The CommonWealth article did not include any reference to Powers’s name or habits because it could not be verified if he was on vacation or had other authorized days off when he was away from the court. Powers at the time did not return several calls and CommonWealth’s request for attendance and time documents was denied because court records are not subject to the state’s Public Records Law. The report on Powers indicates court officials began their own investigation of him in early 2011 and, later that year, transferred him to Taunton District Court to learn how to be a good clerk-magistrate, which became moot when the SJC terminated him.
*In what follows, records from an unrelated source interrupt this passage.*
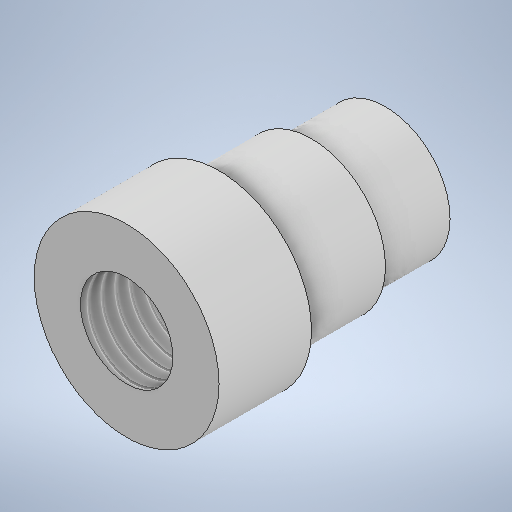
# Autodesk Inventor part: Cilindro base
Saved by Autodesk Inventor 2025.2 (Build 292293000, 293)
## iProperties
Created: 2025-03-19
Part Number: Cilindro base
Material: Generic
Document SubType Name: Modeling
Designer: laura
Density: 1 g/cm^3
Appearance: Default
Author: laura
Autodesk Inventor part; units mm, degrees
ref_plane "YZ Plane" through (0, 0, 0) normal (1, 0, 0) x (0, 1, 0)
ref_plane "XZ Plane" through (0, 0, 0) normal (0, 1, 0) x (-1, 0, 0)
ref_plane "XY Plane" through (0, 0, 0) normal (0, 0, 1) x (1, 0, 0)
sketch "Sketch1" plane through (0, 0, 0) normal (0, 1, 0) x (-1, 0, 0)
  line L0 (0, 4) -> (10, 4)
  line L1 (10, 4) -> (10, 14)
  line L2 (10, 14) -> (0, 14)
  line L3 (0, -14) -> (7, -14)
  line L4 (7, -14) -> (7, -6)
  line L5 (0, 14) -> (0, -14)
  line L6 (8, -6) -> (8, 4)
  line L7 (8, -6) -> (0, -6)
  point P0 (0, 0)
  point P1 (0, 0)
  dimension "d2" = 8
  dimension "d4" = 10
  dimension "d29" = 14
  dimension "d30" = 20
  dimension "d31" = 16
  dimension "d39" = 10
  constraints: 16 end point, 5 perpendicular, 5 point on line, 2 coincident, 2 vertical, 1 midpoint, 2 other
  measures "d2" distance of L4.end L3.end
  measures "d4" distance of L0.end L1.end
  measures "d29" diameter of L4 L5
  measures "d30" diameter of L1 L5
  measures "d31" diameter of L6 L5
  measures "d39" distance between parallel lines of L7 L0
revolve "Revolution3" add sketch "Sketch1" angle 360 about axis through (0, 0, 14) along (0, 0, -1)
sketch "Sketch2" plane through (0, 0, 14) normal (0, 0, 1) x (1, 0, 0)
  circle A0 centre (0, 0) radius 10 projected
  point P0 (0, 0)
  point P1 (0, 0)
  point P2 (0, 0)
  point P3 (0, 0)
  constraints: 6 coincident
hole "Hole1" at (0, 0, 14) direction (0, 0, -1) diameter 10 depth 10 tip angle 118
thread "Thread10" size "M10x1.5" class "6H" standard "ANSI Metric M Profile" full length
sketch "Sketch3" plane through (0, 0, -14) normal (0, 0, -1) x (-1, 0, 0)
  circle A0 centre (0, 0) radius 7 projected
  point P0 (0, 0)
  constraints: 1 coincident
hole "Hole2" at (0, 0, -14) direction (0, 0, 1) diameter 6 depth 5 tip angle 118
thread "Thread11" size "M6x1" class "6H" standard "ANSI Metric M Profile" full length
body "Solid2"

The roll call of those removed from office for malfeasance is wafer-thin. Former Northampton District Court clerk-magistrate Janet Rowe Dugan was removed in 1993 for fixing tickets and showing favoritism toward friends in rulings as well as other official misconduct. Then-Framingham District Court clerk-magistrate Anthony Colonna, at 85, was deemed incompetent to stand trial in 2000 for assaulting a court employee but remained on paid suspension until he died five months later.
The bar that the SJC set in removing Powers from office was “the public good,” an undefined standard that will now have clerk-magistrates on alert and looking over their shoulders. “We conclude, after considering the totality of the circumstances, that the public good requires his removal,” Gant wrote in the opinion.
But Powers and any other clerks who lose their jobs for doing them poorly won’t have to fear for their retirement. Jon Carlisle, a spokesman for state Treasurer Steven Grossman, says because Powers was removed for his job performance, and not because of any criminal conviction, he will retain his pension. Powers will receive about $76,000 a year in retirement, based on his nearly 35 years in state government as a probation officer and assistant district attorney and his three largest-earning years, which came as clerk-magistrate at about $110,000 a year.
Bean says he’s already heard “anecdotally” that some clerks have “cleaned up their act” as a result of the ruling, though he wouldn’t name names.